Stored items from a collection:

***

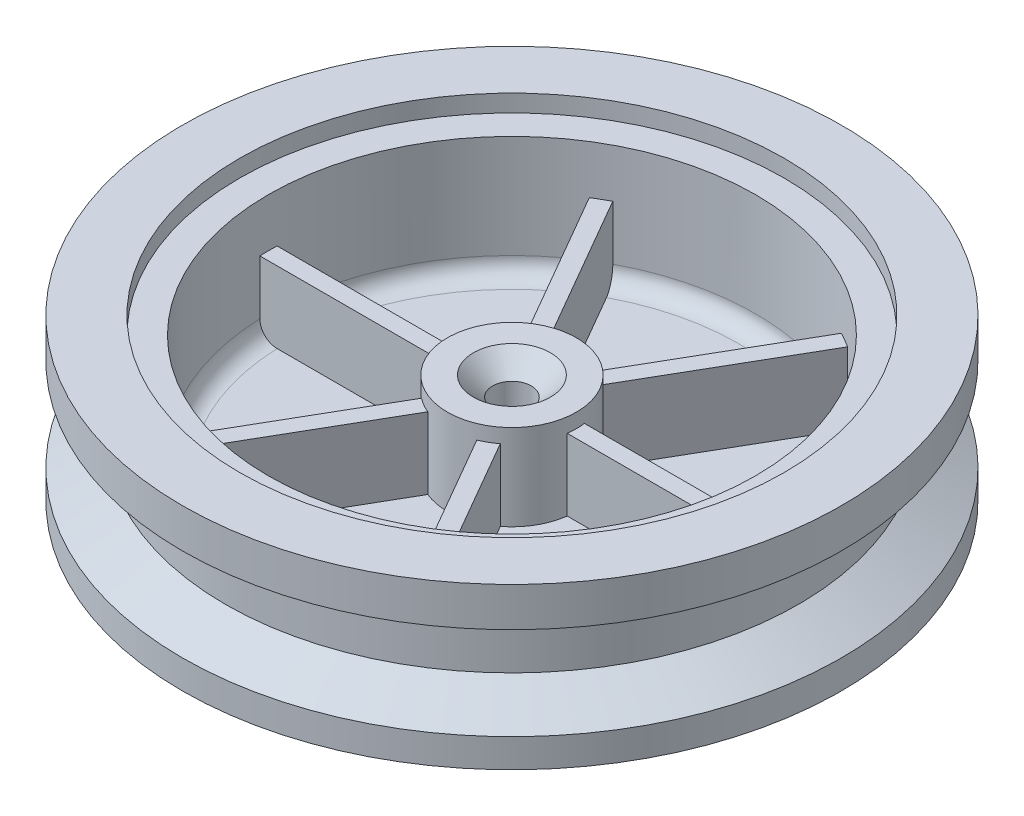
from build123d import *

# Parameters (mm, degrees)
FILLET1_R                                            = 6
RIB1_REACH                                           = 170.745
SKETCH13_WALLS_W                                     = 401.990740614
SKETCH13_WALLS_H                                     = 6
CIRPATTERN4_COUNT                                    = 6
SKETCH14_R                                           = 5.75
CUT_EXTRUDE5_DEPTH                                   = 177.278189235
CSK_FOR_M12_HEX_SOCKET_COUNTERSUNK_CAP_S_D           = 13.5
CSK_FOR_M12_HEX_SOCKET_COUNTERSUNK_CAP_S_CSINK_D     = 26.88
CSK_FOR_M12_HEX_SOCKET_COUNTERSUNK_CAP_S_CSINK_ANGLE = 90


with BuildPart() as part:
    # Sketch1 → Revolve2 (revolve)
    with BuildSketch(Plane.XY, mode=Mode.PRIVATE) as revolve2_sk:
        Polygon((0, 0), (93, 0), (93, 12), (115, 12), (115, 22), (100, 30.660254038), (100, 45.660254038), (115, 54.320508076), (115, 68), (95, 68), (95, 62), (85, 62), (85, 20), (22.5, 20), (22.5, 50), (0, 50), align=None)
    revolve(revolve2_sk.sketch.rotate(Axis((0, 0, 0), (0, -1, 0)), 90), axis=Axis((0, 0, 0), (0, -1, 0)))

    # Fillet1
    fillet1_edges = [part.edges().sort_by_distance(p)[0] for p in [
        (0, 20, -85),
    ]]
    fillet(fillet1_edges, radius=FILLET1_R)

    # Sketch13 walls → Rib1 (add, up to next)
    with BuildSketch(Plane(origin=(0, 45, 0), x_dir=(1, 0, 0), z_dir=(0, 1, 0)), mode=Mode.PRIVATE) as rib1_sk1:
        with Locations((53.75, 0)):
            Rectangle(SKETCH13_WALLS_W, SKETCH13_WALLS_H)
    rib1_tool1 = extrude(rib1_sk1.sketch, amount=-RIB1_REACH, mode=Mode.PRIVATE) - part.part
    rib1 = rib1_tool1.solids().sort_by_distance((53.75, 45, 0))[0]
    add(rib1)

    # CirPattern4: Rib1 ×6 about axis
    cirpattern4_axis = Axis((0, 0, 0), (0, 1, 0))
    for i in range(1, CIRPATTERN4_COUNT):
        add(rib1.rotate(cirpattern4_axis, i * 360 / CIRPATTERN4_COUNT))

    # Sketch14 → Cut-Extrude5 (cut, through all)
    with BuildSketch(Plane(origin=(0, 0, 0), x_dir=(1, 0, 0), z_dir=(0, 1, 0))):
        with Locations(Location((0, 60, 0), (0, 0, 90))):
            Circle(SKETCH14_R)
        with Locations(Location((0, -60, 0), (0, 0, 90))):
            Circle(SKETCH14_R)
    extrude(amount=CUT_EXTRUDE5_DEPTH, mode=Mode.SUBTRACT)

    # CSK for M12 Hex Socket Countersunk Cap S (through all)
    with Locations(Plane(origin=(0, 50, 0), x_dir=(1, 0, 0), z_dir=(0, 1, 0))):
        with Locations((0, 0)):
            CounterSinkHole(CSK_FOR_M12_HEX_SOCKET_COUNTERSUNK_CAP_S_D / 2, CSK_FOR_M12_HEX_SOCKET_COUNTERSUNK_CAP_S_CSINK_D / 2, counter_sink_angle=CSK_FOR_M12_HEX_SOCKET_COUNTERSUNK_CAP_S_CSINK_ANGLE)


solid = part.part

***

• [The task]: Since pictures are not part of the copy, set down only the remaining data exactly.

• [Response area]:
from build123d import *

# Parameters (mm, degrees)
FILLET1_R                                            = 6
RIB1_REACH                                           = 170.745
SKETCH13_WALLS_W                                     = 401.990740614
SKETCH13_WALLS_H                                     = 6
CIRPATTERN4_COUNT                                    = 6
SKETCH14_R                                           = 5.75
CUT_EXTRUDE5_DEPTH                                   = 177.278189235
CSK_FOR_M12_HEX_SOCKET_COUNTERSUNK_CAP_S_D           = 13.5
CSK_FOR_M12_HEX_SOCKET_COUNTERSUNK_CAP_S_CSINK_D     = 26.88
CSK_FOR_M12_HEX_SOCKET_COUNTERSUNK_CAP_S_CSINK_ANGLE = 90


with BuildPart() as part:
    # Sketch1 → Revolve2 (revolve)
    with BuildSketch(Plane.XY, mode=Mode.PRIVATE) as revolve2_sk:
        Polygon((0, 0), (93, 0), (93, 12), (115, 12), (115, 22), (100, 30.660254038), (100, 45.660254038), (115, 54.320508076), (115, 68), (95, 68), (95, 62), (85, 62), (85, 20), (22.5, 20), (22.5, 50), (0, 50), align=None)
    revolve(revolve2_sk.sketch.rotate(Axis((0, 0, 0), (0, -1, 0)), 90), axis=Axis((0, 0, 0), (0, -1, 0)))

    # Fillet1
    fillet1_edges = [part.edges().sort_by_distance(p)[0] for p in [
        (0, 20, -85),
    ]]
    fillet(fillet1_edges, radius=FILLET1_R)

    # Sketch13 walls → Rib1 (add, up to next)
    with BuildSketch(Plane(origin=(0, 45, 0), x_dir=(1, 0, 0), z_dir=(0, 1, 0)), mode=Mode.PRIVATE) as rib1_sk1:
        with Locations((53.75, 0)):
            Rectangle(SKETCH13_WALLS_W, SKETCH13_WALLS_H)
    rib1_tool1 = extrude(rib1_sk1.sketch, amount=-RIB1_REACH, mode=Mode.PRIVATE) - part.part
    rib1 = rib1_tool1.solids().sort_by_distance((53.75, 45, 0))[0]
    add(rib1)

    # CirPattern4: Rib1 ×6 about axis
    cirpattern4_axis = Axis((0, 0, 0), (0, 1, 0))
    for i in range(1, CIRPATTERN4_COUNT):
        add(rib1.rotate(cirpattern4_axis, i * 360 / CIRPATTERN4_COUNT))

    # Sketch14 → Cut-Extrude5 (cut, through all)
    with BuildSketch(Plane(origin=(0, 0, 0), x_dir=(1, 0, 0), z_dir=(0, 1, 0))):
        with Locations(Location((0, 60, 0), (0, 0, 90))):
            Circle(SKETCH14_R)
        with Locations(Location((0, -60, 0), (0, 0, 90))):
            Circle(SKETCH14_R)
    extrude(amount=CUT_EXTRUDE5_DEPTH, mode=Mode.SUBTRACT)

    # CSK for M12 Hex Socket Countersunk Cap S (through all)
    with Locations(Plane(origin=(0, 50, 0), x_dir=(1, 0, 0), z_dir=(0, 1, 0))):
        with Locations((0, 0)):
            CounterSinkHole(CSK_FOR_M12_HEX_SOCKET_COUNTERSUNK_CAP_S_D / 2, CSK_FOR_M12_HEX_SOCKET_COUNTERSUNK_CAP_S_CSINK_D / 2, counter_sink_angle=CSK_FOR_M12_HEX_SOCKET_COUNTERSUNK_CAP_S_CSINK_ANGLE)


solid = part.part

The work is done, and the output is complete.